→ TASK PROMPT
Output only the lines below from the one containing "Add4/1 -> Product2/1, Product1/1" to the one containing "Add1/1 -> YeR/1", exactly as written, both ends kept.

→ EXTRACTED MATERIAL
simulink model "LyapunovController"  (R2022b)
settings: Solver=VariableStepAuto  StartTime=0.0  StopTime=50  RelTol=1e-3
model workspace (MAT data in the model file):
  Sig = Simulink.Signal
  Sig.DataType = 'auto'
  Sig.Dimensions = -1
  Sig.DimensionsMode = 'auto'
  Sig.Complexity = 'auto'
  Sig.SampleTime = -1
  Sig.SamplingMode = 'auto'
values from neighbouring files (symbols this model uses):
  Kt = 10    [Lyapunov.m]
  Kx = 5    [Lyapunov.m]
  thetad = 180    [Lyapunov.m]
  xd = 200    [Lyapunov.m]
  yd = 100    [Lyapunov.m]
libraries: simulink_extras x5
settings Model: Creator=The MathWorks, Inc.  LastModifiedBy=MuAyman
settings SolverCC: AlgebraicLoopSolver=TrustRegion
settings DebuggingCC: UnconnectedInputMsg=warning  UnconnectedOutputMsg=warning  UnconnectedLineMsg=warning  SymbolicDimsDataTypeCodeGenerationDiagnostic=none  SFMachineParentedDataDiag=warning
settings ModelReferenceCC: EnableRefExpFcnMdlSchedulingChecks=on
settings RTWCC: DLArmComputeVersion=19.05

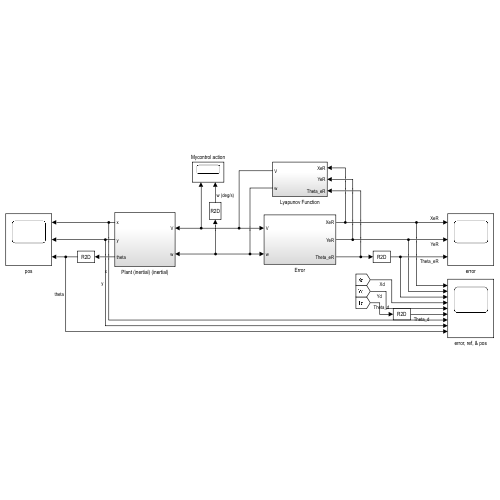
[thumbnail: Simulink's stored preview of the top-level diagram]
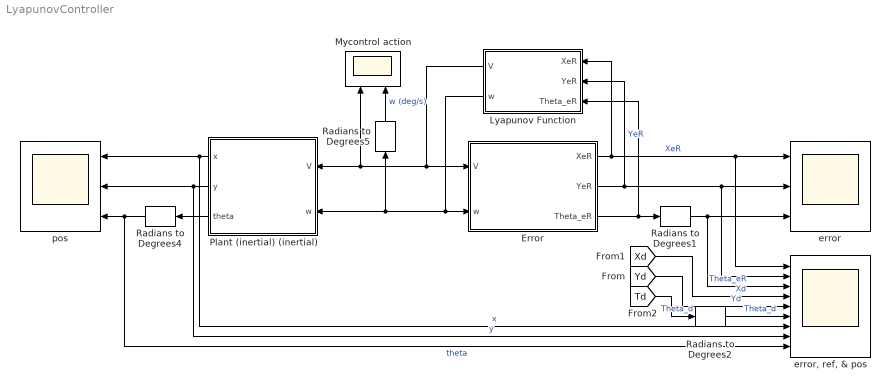
== system LyapunovController ==
  Error : Subsystem
  Lyapunov Function : Subsystem
  Mycontrol action : Scope  NumInputPorts=2
  Plant (inertial) (inertial) : Subsystem
  Radians to Degrees{1..2,4..5} (4 alike) : simulink_extras/Transformations/Radians to Degrees
  error : Scope  NumInputPorts=3
  "error, ref, & pos" : Scope  NumInputPorts=9
  pos : Scope  NumInputPorts=3
  wires:
  Radians to Degrees5/1 -> Mycontrol action/2  "w (deg/s)"
  Error/2(YeR) -> "error, ref, & pos"/2, error/2, Lyapunov Function/2(YeR)  "YeR"
  Error/3(Theta_eR) -> Lyapunov Function/3(Theta_eR), Radians to Degrees1/1
  Error/1(XeR) -> error/1, "error, ref, & pos"/1, Lyapunov Function/1(XeR)  "XeR"
  Radians to Degrees1/1 -> "error, ref, & pos"/3, error/3  "Theta_eR"
  [Xd] -> "error, ref, & pos"/4  "Xd"
  [Yd] -> "error, ref, & pos"/5  "Yd"
  [Td] -> Radians to Degrees2/1  "Theta_d"
  Lyapunov Function/2(w) -> Plant (inertial) (inertial)/2(w), Radians to Degrees5/1, Error/2(w)
  Plant (inertial) (inertial)/3(theta) -> Radians to Degrees4/1
  Lyapunov Function/1(V) -> Plant (inertial) (inertial)/1(V), Mycontrol action/1, Error/1(V)
  Radians to Degrees4/1 -> pos/3, "error, ref, & pos"/9  "theta"
  Plant (inertial) (inertial)/2(y) -> pos/2, "error, ref, & pos"/8  "y"
  Plant (inertial) (inertial)/1(x) -> pos/1, "error, ref, & pos"/7  "x"
  Radians to Degrees2/1 -> "error, ref, & pos"/6  "Theta_d"

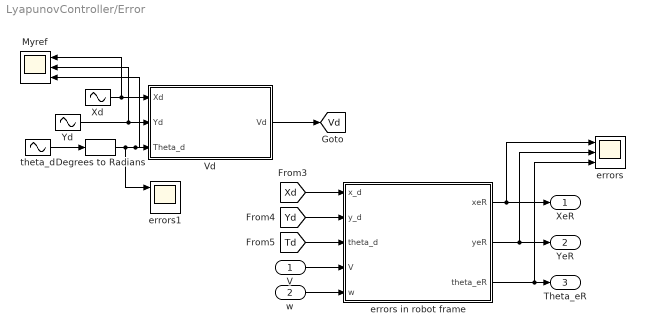
== system LyapunovController/Error ==
  V : Inport
  w : Inport  Port=2
  Degrees to Radians : simulink_extras/Transformations/Degrees to Radians
  Myref : Scope  NumInputPorts=3
  Vd : Subsystem
  Xd : Sin  Amplitude=xd  Phase=pi/4  SampleTime=0
  Yd : Sin  Amplitude=yd  Phase=pi/4  SampleTime=0
  errors : Scope  NumInputPorts=3
  errors in robot frame : Subsystem
  errors1 : Scope  NumInputPorts=3
  theta_d : Sin  Amplitude=thetad  Phase=pi/4  SampleTime=0
  XeR : Outport
  YeR : Outport  Port=2
  Theta_eR : Outport  Port=3
  tag scope: Vd=global
  wires:
  w/1 -> errors in robot frame/5(w)
  V/1 -> errors in robot frame/4(V)
  Vd/1(Vd) -> [Vd]
  Xd/1 -> Myref/1, Vd/1(Xd)
  Yd/1 -> Myref/2, Vd/2(Yd)
  theta_d/1 -> Degrees to Radians/1
  errors in robot frame/2(yeR) -> YeR/1, errors/2
  errors in robot frame/3(theta_eR) -> errors/3, Theta_eR/1
  errors in robot frame/1(xeR) -> XeR/1, errors/1
  [Yd] -> errors in robot frame/2(y_d)
  [Xd] -> errors in robot frame/1(x_d)
  [Td] -> errors in robot frame/3(theta_d)
  Degrees to Radians/1 -> errors1/1, Myref/3, Vd/3(Theta_d)

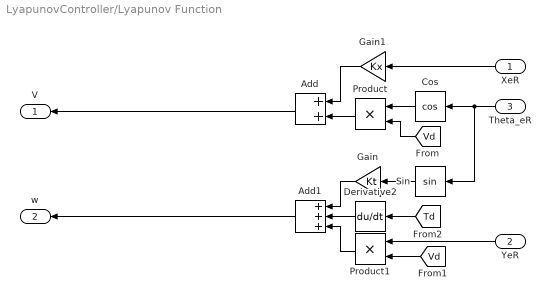
== system LyapunovController/Lyapunov Function ==
  XeR : Inport
  YeR : Inport  Port=2
  Theta_eR : Inport  Port=3
  Add : Sum
  Add1 : Sum  Inputs=+++
  Cos : Trigonometry  Operator=cos
  Derivative2 : Derivative
  Gain : Gain  Gain=Kt
  Gain1 : Gain  Gain=Kx
  Product : Product
  Product1 : Product
  Sin : Trigonometry
  V : Outport
  w : Outport  Port=2
  wires:
  [Vd] -> Product1/2
  [Vd] -> Product/2
  Product/1 -> Add/2
  Sin/1 -> Gain/1
  [Td] -> Derivative2/1
  Cos/1 -> Product/1
  Gain1/1 -> Add/1
  Gain/1 -> Add1/1
  Product1/1 -> Add1/3
  XeR/1 -> Gain1/1
  Theta_eR/1 -> Sin/1, Cos/1
  Add1/1 -> w/1
  YeR/1 -> Product1/1
  Add/1 -> V/1
  Derivative2/1 -> Add1/2

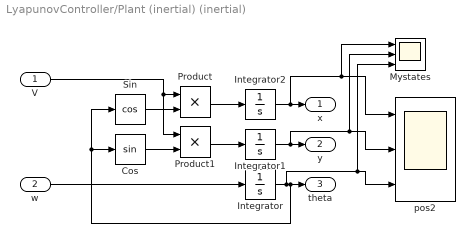
== system LyapunovController/Plant (inertial) (inertial) ==
  V : Inport
  w : Inport  Port=2
  Cos : Trigonometry
  Integrator : Integrator
  Integrator1 : Integrator
  Integrator2 : Integrator
  Mystates : Scope  NumInputPorts=3
  Product : Product
  Product1 : Product
  Sin : Trigonometry  Operator=cos
  pos2 : Scope  NumInputPorts=3
  x : Outport
  y : Outport  Port=2
  theta : Outport  Port=3
  wires:
  Integrator/1 -> pos2/3, Mystates/3, Cos/1, Sin/1, theta/1
  w/1 -> Integrator/1
  Sin/1 -> Product/2
  Cos/1 -> Product1/2
  Product1/1 -> Integrator1/1
  Product/1 -> Integrator2/1
  Integrator1/1 -> Mystates/2, pos2/2, y/1
  Integrator2/1 -> Mystates/1, pos2/1, x/1
  V/1 -> Product1/1, Product/1

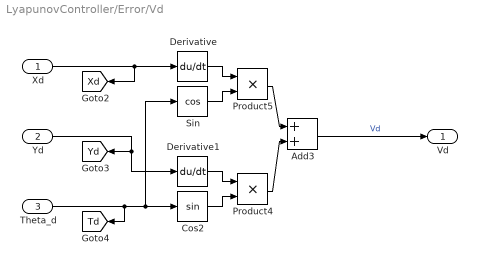
== system LyapunovController/Error/Vd ==
  Xd : Inport
  Yd : Inport  Port=2
  Theta_d : Inport  Port=3
  Add3 : Sum
  Cos2 : Trigonometry
  Derivative : Derivative
  Derivative1 : Derivative
  Product4 : Product
  Product5 : Product
  Sin : Trigonometry  Operator=cos
  Vd : Outport
  tag scope: Td=global, Xd=global, Yd=global
  wires:
  Theta_d/1 -> [Td], Sin/1, Cos2/1
  Sin/1 -> Product5/2
  Derivative/1 -> Product5/1
  Product5/1 -> Add3/1
  Product4/1 -> Add3/2
  Cos2/1 -> Product4/2
  Derivative1/1 -> Product4/1
  Add3/1 -> Vd/1  "Vd"
  Yd/1 -> [Yd], Derivative1/1
  Xd/1 -> [Xd], Derivative/1

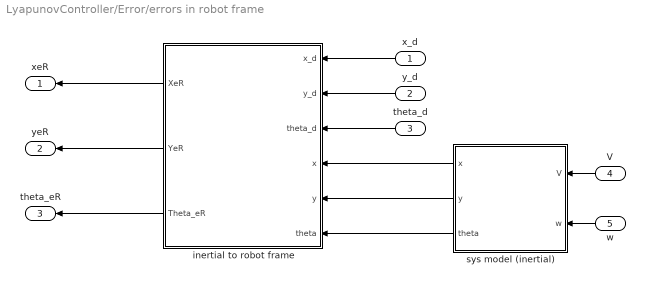
== system LyapunovController/Error/errors in robot frame ==
  x_d : Inport
  y_d : Inport  Port=2
  theta_d : Inport  Port=3
  V : Inport  Port=4
  w : Inport  Port=5
  inertial to robot frame : Subsystem
  sys model (inertial) : Subsystem
  xeR : Outport
  yeR : Outport  Port=2
  theta_eR : Outport  Port=3
  wires:
  w/1 -> sys model (inertial)/2(w)
  V/1 -> sys model (inertial)/1(V)
  x_d/1 -> inertial to robot frame/1(x_d)
  y_d/1 -> inertial to robot frame/2(y_d)
  theta_d/1 -> inertial to robot frame/3(theta_d)
  sys model (inertial)/1(x) -> inertial to robot frame/4(x)
  sys model (inertial)/2(y) -> inertial to robot frame/5(y)
  sys model (inertial)/3(theta) -> inertial to robot frame/6(theta)
  inertial to robot frame/1(XeR) -> xeR/1
  inertial to robot frame/2(YeR) -> yeR/1
  inertial to robot frame/3(Theta_eR) -> theta_eR/1

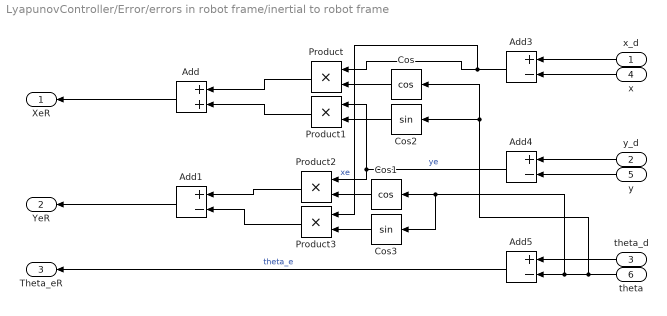
== system LyapunovController/Error/errors in robot frame/inertial to robot frame ==
  x_d : Inport
  y_d : Inport  Port=2
  theta_d : Inport  Port=3
  x : Inport  Port=4
  y : Inport  Port=5
  theta : Inport  Port=6
  Add : Sum
  Add{1,3..5} (4 alike) : Sum  Inputs=+-
  Cos : Trigonometry  Operator=cos
  Cos1 : Trigonometry  Operator=cos
  Cos2 : Trigonometry
  Cos3 : Trigonometry
  Product{,1..3} (4 alike) : Product
  XeR : Outport
  YeR : Outport  Port=2
  Theta_eR : Outport  Port=3
  wires:
  theta_d/1 -> Add5/1
  Add4/1 -> Product2/1, Product1/1  "ye"
  y_d/1 -> Add4/1
  Add5/1 -> Theta_eR/1  "theta_e"
  x/1 -> Add3/2
  x_d/1 -> Add3/1
  y/1 -> Add4/2
  theta/1 -> Cos2/1, Cos/1, Cos3/1, Cos1/1, Add5/2
  Cos/1 -> Product/2
  Add3/1 -> Product3/1, Product/1  "xe"
  Product/1 -> Add/1
  Cos2/1 -> Product1/2
  Product1/1 -> Add/2
  Add/1 -> XeR/1
  Cos1/1 -> Product2/2
  Cos3/1 -> Product3/2
  Product2/1 -> Add1/1
  Product3/1 -> Add1/2
  Add1/1 -> YeR/1

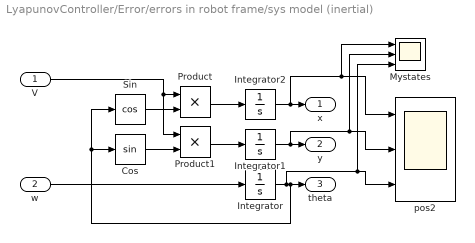
== system LyapunovController/Error/errors in robot frame/sys model (inertial) ==
  V : Inport
  w : Inport  Port=2
  Cos : Trigonometry
  Integrator : Integrator
  Integrator1 : Integrator
  Integrator2 : Integrator
  Mystates : Scope  NumInputPorts=3
  Product : Product
  Product1 : Product
  Sin : Trigonometry  Operator=cos
  pos2 : Scope  NumInputPorts=3
  x : Outport
  y : Outport  Port=2
  theta : Outport  Port=3
  wires:
  Integrator/1 -> pos2/3, Mystates/3, Cos/1, Sin/1, theta/1
  w/1 -> Integrator/1
  Sin/1 -> Product/2
  Cos/1 -> Product1/2
  Product1/1 -> Integrator1/1
  Product/1 -> Integrator2/1
  Integrator1/1 -> Mystates/2, pos2/2, y/1
  Integrator2/1 -> Mystates/1, pos2/1, x/1
  V/1 -> Product1/1, Product/1

→ WRITTEN ANSWER
  Add4/1 -> Product2/1, Product1/1  "ye"
  y_d/1 -> Add4/1
  Add5/1 -> Theta_eR/1  "theta_e"
  x/1 -> Add3/2
  x_d/1 -> Add3/1
  y/1 -> Add4/2
  theta/1 -> Cos2/1, Cos/1, Cos3/1, Cos1/1, Add5/2
  Cos/1 -> Product/2
  Add3/1 -> Product3/1, Product/1  "xe"
  Product/1 -> Add/1
  Cos2/1 -> Product1/2
  Product1/1 -> Add/2
  Add/1 -> XeR/1
  Cos1/1 -> Product2/2
  Cos3/1 -> Product3/2
  Product2/1 -> Add1/1
  Product3/1 -> Add1/2
  Add1/1 -> YeR/1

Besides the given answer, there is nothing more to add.